The town that’s embracing dementia and fighting back, together

    ChannelNewsAsia: From clowns and youths to caregivers, the folks of Arnsberg – where 1 in 5 residents is over 65 – show what social inclusiveness can do in the face of a worrying trend. The first in a CNA Insider series on how an ageing Germany is leading the way in long-term care.
    At 98 years of age, Walter Rupert is still a man about town, stubbornly in control of his life.
    Most days, despite advice to the contrary, he drives himself around in his manual Volkswagen Polo. His grip is firm on the steering wheel, his mind alert and his clear eyes focused on the road, as he shuttles between appointments: Monday meetings with the church deacons, Tuesday tea sessions for seniors, and chess with friends on other days.
    The World War Two veteran lives alone and has no need of hearing aids nor dentures. Every day, he takes a walk if the weather is nice, or gets on his cycling machine at home if it isn’t. In short, he is the town’s poster boy for what old age could look like.“Maybe, just maybe, I am lucky to live another two years, then I’ll be 100 years old,” the retired engineer told CNA Insider with a cheeky grin.
    But life was not this picture-perfect just a short while ago.His wife, the love of his life, was diagnosed with dementia 15 years ago. As her health and cognition deteriorated, Mr Rupert, already in his 80s, refused to put her in a nursing home.
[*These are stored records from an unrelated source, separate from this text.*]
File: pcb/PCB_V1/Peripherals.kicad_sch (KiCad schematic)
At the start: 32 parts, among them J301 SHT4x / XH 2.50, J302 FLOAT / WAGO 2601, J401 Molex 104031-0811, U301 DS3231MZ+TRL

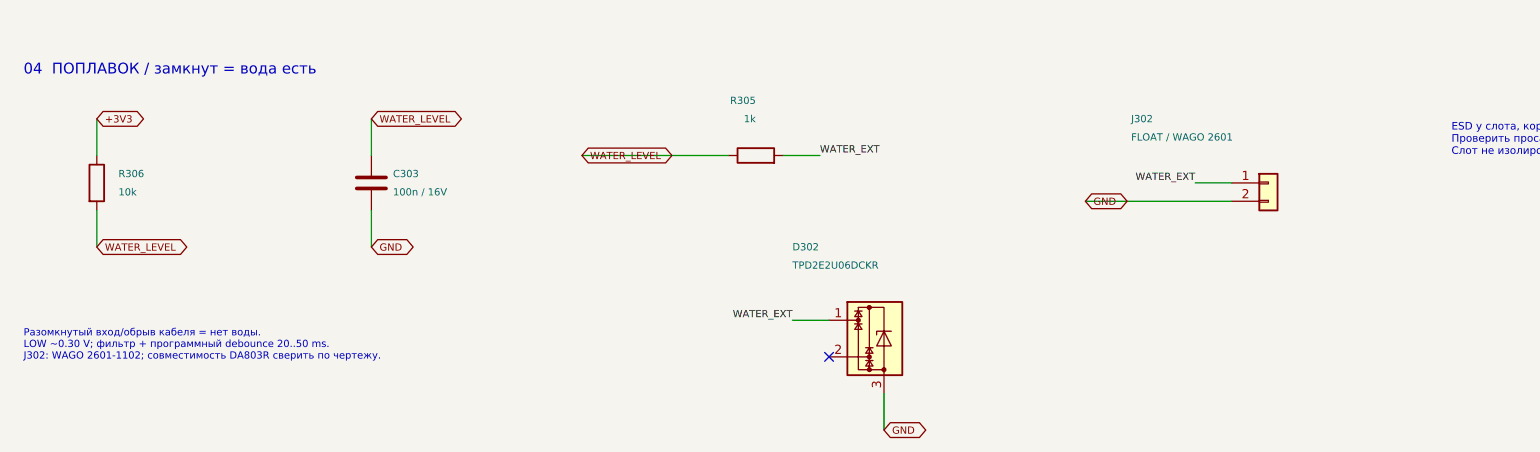
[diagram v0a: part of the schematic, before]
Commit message: pcb: move board to 24 V input with 12 V aux buck and merged LED bar channel
Revision 0.14 of PCB_V1 (see pcb/PCB_V1/REDESIGN_24V.md):
- 24 V input on keyed XT60PW-M (pin 1 GND, pin 2 +24V); LM74700, input
  MOSFET and F901 removed; SMBJ26CA TVS; 220 uF/50 V bulk
- ATM mini-blade fuses in XF-508P-B-B holders: F902 10 A loads, F903 7.5 A LED
- new LMR16020 24 V -> 12 V aux buck (500 kHz) feeding PC fans, the
  UCC27524A heater gate driver and the TPS54202 3.3 V buck; TPS70950 removed
- heater and pump on 24 V: SMBJ30A drain TVS, AO3422 + SS36 pump stage
- LED CH1 panel keeps SRP1770TA/0.027 R/1k, switch now CSD19534Q5A;
  CH2 drives both identical bars in parallel (J721 || J731, 0.40 R);
  third AL8853 channel removed
- TS-1187A buttons, DORABO/KANGNEX terminals
- project library: LMR16020 and CSD19534Q5A symbols, TI DQJ and XF-508P
  footprints
- verify_netlist.py / verify_board.py / analyze_*.py updated for 24 V;
  new sync_board.py updates the unrouted staging board from the netlist
- ERC 0/0; netlist, board and sizing checks pass; DRC only the 12 known
  ESP32 drill sizes plus unrouted connections; 163 components

Co-Authored-By: Claude Opus 5.5 <noreply@anthropic.com>
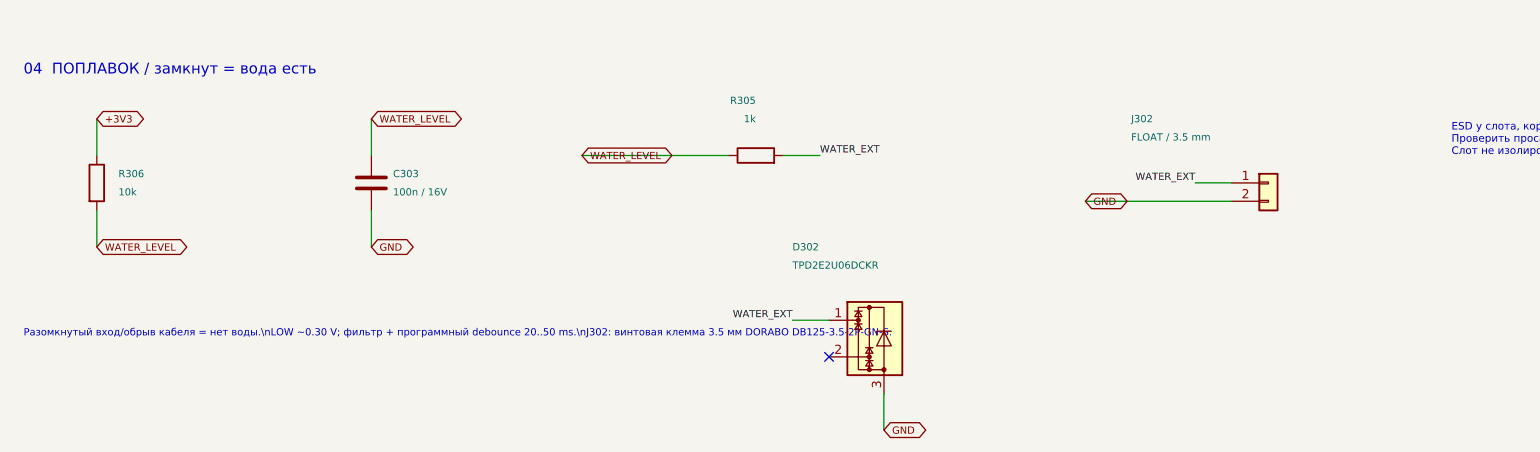
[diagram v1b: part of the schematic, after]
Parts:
- J302: value FLOAT / WAGO 2601 -> FLOAT / 3.5 mm; footprint TerminalBlock_WAGO:TerminalBlock_WAGO_2601-1102_1x02_P3.50mm_Horizontal -> TerminalBlock_Phoenix:TerminalBlock_Phoenix_PT-1,5-2-3.5-H_1x02_P3.50mm_Horizontal; LCSC (none) -> C466970; MPN (none) -> DB125-3.5-2P-GN-S; Manufacturer (none) -> DORABO
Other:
- note added: "Разомкнутый вход/обрыв кабеля = нет воды.\nLOW ~0.30 V; фильтр + программный debounce 20..50 ms.\nJ302: винтовая клемма 3.5 мм DORABO DB125-3.5-2P-GN-S."
- note removed: "Разомкнутый вход/обрыв кабеля = нет воды. LOW ~0.30 V; фильтр + программный debounce 20..50 ms. J302: WAGO 2601-1102; совместимость DA803R сверить по чертежу."
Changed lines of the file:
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@@
 		(comment 1 "Draft: input protection and LED drivers pending")
 	)
-	(text "Разомкнутый вход/обрыв кабеля = нет воды.\nLOW ~0.30 V; фильтр + программный debounce 20..50 ms.\nJ302: WAGO 2601-1102; совместимость DA803R сверить по чертежу."
+	(text "Разомкнутый вход/обрыв кабеля = нет воды.\\nLOW ~0.30 V; фильтр + программный debounce 20..50 ms.\\nJ302: винтовая клемма 3.5 мм DORABO DB125-3.5-2P-GN-S."
 		(exclude_from_sim no)
 		(at 20.32 268 0)
@@
 			)
 		)
-		(property "Value" "FLOAT / WAGO 2601"
+		(property "Value" "FLOAT / 3.5 mm"
 			(at 173.99 241.3 0)
 			(show_name no)
@@
 			)
 		)
-		(property "Footprint" "TerminalBlock_WAGO:TerminalBlock_WAGO_2601-1102_1x02_P3.50mm_Horizontal"
+		(property "Footprint" "TerminalBlock_Phoenix:TerminalBlock_Phoenix_PT-1,5-2-3.5-H_1x02_P3.50mm_Horizontal"
 			(at 193.04 247.65 0)
 			(hide yes)
@@
 			)
 		)
+		(property "LCSC" "C466970"
+			(at 193.04 247.65 0)
+			(effects
+				(font
+					(size 1 1)
+				)
+				(hide yes)
+				(justify left)
+			)
+		)
+		(property "MPN" "DB125-3.5-2P-GN-S"
+			(at 193.04 247.65 0)
+			(effects
+				(font
+					(size 1 1)
+				)
+				(hide yes)
+				(justify left)
+			)
+		)
+		(property "Manufacturer" "DORABO"
+			(at 193.04 247.65 0)
+			(effects
+				(font
+					(size 1 1)
+				)
+				(hide yes)
+				(justify left)
+			)
+		)

    Instead, up until her death early this year, he bathed, fed, and cared for her in their house on a hill. In that, she was like three-quarters of Germans with dementia – they live at home.“The last six years were difficult,” he admitted. ”She didn’t know her name. She could no longer speak and I had to see her face to know, was she hot or warm? Was she hungry or thirsty? “She could not walk, so I had to carry her. All day and night, the responsibility was on me.”
    In many ways, the couple represent the flip sides of ideal and reality: The type of idyllic ageing that picturesque Arnsberg, a medieval West German town of population 80,000, is striving for – and the sober challenge of a dementia epidemic as its residents age.Already, one in five townsfolk is over the age of 65. Come 2030, that proportion will grow to almost one in three. That is like senior citizens making up a third of the residents of Singapore’s Bukit Timah, which has a similar-sized population.
    This greying is happening across Germany, which has the world’s fourth-oldest population.